What you will do |
Look through the lines below; wherever the word "units" appears, copy that line.

Records contained in a dataset |
------

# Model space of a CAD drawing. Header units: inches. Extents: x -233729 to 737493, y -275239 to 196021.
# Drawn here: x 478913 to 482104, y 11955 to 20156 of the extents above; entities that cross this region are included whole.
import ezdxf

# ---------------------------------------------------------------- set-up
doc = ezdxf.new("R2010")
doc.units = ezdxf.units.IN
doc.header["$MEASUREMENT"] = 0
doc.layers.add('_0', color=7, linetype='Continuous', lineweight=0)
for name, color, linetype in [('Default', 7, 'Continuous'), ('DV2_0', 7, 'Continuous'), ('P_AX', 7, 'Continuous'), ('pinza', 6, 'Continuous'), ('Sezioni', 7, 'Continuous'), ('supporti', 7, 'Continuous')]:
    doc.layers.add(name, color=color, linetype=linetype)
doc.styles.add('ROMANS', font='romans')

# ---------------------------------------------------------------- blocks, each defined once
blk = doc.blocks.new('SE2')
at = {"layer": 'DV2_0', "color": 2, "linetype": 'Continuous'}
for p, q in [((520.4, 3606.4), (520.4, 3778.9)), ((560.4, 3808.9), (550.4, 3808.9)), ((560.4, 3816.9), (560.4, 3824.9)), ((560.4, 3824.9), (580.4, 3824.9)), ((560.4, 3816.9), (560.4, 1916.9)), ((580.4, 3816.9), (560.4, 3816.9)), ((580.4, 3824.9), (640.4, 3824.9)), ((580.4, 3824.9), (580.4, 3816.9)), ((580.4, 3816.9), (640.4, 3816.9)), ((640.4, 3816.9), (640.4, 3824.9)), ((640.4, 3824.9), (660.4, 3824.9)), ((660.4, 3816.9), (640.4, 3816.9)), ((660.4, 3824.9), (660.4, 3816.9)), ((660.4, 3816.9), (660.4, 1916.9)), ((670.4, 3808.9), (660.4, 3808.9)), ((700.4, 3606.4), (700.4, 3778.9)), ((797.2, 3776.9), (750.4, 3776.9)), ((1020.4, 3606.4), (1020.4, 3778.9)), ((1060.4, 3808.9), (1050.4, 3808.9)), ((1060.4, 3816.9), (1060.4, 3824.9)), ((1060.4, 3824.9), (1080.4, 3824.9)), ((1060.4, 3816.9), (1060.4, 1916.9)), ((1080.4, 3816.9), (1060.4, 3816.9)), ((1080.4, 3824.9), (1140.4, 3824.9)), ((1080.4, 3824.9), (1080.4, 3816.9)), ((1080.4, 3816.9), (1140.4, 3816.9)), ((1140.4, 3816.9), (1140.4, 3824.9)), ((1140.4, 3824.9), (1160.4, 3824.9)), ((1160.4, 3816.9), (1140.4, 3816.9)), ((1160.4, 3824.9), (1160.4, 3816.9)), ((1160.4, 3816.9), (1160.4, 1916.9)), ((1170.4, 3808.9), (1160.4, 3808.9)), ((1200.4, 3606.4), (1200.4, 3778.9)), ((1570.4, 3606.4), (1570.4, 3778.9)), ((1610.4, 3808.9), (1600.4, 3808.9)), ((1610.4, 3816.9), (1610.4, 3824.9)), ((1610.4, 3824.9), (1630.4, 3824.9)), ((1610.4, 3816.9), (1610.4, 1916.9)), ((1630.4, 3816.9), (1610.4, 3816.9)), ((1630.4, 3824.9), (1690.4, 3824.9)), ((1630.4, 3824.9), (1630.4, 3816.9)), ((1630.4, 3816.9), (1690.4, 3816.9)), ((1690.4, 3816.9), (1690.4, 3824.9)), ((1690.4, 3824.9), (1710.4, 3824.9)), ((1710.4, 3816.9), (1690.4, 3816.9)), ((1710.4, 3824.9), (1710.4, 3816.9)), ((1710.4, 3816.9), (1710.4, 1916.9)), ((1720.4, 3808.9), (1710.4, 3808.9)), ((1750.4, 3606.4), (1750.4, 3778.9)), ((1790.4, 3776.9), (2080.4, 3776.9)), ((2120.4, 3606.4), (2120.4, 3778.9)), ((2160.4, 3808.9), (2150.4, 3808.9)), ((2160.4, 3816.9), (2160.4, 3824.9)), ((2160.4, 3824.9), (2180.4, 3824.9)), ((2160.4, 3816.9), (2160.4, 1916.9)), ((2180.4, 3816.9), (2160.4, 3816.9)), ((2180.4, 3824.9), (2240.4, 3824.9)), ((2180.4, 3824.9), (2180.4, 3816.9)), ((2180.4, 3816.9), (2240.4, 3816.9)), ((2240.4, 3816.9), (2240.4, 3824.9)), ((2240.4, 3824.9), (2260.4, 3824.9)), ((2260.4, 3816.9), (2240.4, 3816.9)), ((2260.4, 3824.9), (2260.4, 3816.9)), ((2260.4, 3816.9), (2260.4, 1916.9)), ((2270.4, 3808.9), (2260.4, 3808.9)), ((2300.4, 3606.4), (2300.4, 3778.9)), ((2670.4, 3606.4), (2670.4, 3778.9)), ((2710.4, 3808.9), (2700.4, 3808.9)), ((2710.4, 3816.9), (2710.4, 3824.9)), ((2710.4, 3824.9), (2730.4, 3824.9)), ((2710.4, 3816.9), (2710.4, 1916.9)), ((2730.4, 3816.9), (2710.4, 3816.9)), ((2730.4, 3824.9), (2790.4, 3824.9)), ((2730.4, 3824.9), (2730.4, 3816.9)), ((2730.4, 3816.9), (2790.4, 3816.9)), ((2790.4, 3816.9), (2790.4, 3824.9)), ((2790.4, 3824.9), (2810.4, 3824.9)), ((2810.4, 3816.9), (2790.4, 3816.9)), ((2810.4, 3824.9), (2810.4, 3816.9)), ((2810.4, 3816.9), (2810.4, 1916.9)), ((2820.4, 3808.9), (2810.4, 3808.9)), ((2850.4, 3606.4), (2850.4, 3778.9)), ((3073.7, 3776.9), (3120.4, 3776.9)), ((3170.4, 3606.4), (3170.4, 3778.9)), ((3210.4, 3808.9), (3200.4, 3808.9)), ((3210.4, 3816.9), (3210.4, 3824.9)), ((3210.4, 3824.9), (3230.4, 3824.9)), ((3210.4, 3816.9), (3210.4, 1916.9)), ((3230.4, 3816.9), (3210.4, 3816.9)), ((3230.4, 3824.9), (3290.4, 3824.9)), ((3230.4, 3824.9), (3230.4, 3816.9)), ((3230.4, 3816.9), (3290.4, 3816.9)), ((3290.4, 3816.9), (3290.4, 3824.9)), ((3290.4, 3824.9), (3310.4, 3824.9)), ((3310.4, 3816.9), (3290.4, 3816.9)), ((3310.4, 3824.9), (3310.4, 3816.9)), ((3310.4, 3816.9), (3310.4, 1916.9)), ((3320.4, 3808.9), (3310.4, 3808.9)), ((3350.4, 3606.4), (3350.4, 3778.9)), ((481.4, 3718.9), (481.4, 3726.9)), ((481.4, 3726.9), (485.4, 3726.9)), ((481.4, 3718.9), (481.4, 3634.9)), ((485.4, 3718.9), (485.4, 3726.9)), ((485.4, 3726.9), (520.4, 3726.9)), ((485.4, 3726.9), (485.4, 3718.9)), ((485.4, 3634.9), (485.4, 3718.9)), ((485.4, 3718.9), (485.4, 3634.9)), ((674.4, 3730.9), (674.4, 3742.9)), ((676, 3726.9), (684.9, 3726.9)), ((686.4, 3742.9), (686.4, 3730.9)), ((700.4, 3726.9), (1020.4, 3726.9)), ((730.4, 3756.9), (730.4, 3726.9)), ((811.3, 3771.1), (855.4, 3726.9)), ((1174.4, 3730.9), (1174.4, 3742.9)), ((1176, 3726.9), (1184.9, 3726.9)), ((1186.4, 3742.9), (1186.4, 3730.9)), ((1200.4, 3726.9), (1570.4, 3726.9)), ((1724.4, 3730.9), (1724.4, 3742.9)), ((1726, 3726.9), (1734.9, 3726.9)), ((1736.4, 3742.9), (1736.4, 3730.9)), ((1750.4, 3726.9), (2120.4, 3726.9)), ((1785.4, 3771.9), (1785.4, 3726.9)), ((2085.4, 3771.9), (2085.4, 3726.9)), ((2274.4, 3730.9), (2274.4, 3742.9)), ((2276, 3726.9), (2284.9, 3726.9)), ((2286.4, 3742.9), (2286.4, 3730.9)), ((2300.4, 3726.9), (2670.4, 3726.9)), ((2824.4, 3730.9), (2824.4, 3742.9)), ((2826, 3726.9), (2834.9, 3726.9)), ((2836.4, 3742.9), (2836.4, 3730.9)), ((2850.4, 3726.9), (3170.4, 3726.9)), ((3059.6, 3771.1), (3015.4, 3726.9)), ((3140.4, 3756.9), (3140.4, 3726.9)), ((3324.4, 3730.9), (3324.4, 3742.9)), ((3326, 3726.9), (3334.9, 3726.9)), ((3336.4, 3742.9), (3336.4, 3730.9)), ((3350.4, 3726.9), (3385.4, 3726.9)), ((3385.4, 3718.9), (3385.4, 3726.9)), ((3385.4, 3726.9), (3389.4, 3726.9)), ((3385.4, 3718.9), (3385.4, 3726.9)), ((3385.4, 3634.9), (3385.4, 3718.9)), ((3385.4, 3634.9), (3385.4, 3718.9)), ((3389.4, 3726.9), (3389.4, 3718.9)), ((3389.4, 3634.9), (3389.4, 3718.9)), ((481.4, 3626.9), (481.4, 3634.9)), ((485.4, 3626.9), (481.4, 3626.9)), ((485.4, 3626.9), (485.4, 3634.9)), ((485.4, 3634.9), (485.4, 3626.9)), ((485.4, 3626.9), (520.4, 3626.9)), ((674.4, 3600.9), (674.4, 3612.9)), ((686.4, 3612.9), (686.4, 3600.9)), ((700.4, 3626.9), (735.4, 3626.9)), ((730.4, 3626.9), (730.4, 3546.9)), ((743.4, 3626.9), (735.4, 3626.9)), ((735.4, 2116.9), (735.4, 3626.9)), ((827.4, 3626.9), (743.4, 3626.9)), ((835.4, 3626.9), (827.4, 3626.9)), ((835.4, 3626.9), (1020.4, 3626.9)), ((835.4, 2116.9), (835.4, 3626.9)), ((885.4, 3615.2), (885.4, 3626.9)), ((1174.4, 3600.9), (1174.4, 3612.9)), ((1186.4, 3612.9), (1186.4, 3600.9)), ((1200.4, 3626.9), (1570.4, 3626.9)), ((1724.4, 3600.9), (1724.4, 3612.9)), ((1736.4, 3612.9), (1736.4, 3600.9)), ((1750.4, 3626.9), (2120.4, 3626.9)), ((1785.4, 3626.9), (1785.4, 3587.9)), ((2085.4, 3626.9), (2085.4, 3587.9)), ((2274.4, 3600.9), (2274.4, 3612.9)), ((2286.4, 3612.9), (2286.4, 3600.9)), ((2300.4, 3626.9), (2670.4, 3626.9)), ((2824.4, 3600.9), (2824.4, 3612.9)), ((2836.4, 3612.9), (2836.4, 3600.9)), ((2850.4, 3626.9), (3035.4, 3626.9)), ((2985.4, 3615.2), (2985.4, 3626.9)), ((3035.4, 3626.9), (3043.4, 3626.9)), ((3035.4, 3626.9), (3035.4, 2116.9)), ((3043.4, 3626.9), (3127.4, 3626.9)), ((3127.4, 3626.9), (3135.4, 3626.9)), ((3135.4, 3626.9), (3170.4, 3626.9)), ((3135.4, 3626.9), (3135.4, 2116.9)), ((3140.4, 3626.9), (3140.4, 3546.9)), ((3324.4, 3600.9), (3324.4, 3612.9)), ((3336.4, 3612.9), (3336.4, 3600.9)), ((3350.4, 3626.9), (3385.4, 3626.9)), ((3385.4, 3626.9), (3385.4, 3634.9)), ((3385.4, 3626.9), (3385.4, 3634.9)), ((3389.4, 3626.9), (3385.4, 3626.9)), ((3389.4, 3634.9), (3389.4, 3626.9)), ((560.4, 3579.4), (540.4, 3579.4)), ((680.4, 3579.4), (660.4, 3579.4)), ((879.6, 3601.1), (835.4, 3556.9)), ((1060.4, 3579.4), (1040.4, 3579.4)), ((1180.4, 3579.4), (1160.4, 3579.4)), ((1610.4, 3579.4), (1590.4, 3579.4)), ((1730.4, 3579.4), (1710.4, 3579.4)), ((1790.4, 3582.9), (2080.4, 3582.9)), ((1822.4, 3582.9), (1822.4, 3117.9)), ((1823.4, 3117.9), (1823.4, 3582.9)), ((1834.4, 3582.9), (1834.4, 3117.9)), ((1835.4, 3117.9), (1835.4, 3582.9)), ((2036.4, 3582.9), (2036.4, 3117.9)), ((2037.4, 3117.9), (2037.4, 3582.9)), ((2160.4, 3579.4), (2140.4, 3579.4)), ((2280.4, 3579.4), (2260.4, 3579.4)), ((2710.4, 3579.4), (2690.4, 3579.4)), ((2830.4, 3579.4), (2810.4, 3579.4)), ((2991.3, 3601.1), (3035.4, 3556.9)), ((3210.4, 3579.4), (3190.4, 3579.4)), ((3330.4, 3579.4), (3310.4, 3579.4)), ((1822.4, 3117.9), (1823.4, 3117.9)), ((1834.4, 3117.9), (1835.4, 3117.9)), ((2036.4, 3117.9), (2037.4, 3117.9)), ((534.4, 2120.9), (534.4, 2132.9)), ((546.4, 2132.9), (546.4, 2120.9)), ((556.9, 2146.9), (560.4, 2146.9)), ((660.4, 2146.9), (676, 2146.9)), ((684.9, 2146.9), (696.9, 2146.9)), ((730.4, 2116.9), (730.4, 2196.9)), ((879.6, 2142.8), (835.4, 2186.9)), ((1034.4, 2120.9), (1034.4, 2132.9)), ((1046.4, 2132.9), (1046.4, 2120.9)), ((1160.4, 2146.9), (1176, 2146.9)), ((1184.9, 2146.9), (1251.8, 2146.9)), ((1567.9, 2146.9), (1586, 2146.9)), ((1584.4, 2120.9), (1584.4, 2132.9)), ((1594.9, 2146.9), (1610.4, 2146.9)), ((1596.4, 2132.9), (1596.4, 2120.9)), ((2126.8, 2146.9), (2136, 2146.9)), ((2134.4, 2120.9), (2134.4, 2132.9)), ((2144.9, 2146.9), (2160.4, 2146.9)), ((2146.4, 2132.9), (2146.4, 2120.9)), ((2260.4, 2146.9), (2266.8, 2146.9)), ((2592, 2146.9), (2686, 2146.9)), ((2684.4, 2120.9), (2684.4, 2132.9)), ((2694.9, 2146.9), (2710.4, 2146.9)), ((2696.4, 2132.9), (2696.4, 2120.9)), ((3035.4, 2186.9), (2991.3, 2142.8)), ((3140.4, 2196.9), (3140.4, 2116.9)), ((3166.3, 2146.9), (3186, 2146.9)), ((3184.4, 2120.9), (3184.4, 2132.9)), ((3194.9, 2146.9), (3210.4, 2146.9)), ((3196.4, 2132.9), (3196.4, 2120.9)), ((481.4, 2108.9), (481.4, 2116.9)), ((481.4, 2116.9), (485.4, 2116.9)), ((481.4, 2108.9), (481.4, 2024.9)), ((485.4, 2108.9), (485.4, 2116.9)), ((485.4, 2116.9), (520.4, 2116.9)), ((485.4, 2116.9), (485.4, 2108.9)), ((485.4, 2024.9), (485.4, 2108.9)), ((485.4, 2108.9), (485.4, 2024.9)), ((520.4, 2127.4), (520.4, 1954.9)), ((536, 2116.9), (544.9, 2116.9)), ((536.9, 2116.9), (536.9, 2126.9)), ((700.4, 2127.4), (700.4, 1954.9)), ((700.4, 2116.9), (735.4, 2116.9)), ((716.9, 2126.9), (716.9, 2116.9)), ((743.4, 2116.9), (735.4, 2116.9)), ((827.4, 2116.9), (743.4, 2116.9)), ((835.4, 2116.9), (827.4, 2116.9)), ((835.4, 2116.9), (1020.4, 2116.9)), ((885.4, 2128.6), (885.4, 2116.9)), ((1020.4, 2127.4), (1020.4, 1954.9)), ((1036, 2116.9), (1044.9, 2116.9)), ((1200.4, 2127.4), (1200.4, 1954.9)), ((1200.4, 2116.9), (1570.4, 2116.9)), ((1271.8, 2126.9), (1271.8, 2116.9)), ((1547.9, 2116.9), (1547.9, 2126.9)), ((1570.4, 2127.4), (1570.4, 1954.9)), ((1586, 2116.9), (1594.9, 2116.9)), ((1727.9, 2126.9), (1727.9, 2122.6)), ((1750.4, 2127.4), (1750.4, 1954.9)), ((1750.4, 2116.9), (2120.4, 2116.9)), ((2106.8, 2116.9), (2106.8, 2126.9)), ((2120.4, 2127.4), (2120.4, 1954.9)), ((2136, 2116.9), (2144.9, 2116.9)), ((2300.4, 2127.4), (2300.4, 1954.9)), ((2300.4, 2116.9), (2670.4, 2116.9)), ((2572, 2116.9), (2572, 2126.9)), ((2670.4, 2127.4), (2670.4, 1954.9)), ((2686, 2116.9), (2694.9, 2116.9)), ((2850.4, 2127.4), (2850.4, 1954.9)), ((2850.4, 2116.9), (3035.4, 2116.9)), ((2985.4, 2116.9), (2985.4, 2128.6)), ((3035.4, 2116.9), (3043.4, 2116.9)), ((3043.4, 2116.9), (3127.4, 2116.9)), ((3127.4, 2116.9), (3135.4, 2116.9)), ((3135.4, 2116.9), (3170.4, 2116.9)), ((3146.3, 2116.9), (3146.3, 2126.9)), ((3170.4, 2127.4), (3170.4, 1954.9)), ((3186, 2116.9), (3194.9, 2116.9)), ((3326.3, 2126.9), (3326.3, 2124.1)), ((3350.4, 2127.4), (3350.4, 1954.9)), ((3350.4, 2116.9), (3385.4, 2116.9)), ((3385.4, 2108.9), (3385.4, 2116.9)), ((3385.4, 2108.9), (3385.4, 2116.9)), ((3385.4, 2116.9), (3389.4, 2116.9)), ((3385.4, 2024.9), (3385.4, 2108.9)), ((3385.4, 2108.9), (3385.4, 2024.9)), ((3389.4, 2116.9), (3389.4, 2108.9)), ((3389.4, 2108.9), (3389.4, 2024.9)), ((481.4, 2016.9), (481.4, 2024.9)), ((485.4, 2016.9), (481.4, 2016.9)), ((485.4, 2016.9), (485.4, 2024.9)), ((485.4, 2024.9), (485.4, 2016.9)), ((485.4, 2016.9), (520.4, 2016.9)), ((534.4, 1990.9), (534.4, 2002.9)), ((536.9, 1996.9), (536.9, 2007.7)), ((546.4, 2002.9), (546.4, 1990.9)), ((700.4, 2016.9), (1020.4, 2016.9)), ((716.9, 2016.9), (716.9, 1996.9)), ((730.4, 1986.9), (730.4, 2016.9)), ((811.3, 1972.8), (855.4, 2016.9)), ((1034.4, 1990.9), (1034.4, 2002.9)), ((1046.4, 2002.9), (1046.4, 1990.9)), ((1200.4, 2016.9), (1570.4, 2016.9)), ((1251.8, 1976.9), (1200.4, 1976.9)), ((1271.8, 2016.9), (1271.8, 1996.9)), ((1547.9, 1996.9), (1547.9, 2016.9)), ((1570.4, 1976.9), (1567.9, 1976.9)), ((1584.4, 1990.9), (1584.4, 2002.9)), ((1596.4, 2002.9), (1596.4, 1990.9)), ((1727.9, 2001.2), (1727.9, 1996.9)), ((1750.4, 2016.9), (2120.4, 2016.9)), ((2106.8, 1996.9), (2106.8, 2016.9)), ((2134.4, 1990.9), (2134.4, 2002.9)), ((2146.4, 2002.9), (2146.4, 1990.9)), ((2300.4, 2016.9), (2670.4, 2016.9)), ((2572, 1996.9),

------

Your solution |
# Model space of a CAD drawing. Header units: inches. Extents: x -233729 to 737493, y -275239 to 196021.
doc.units = ezdxf.units.IN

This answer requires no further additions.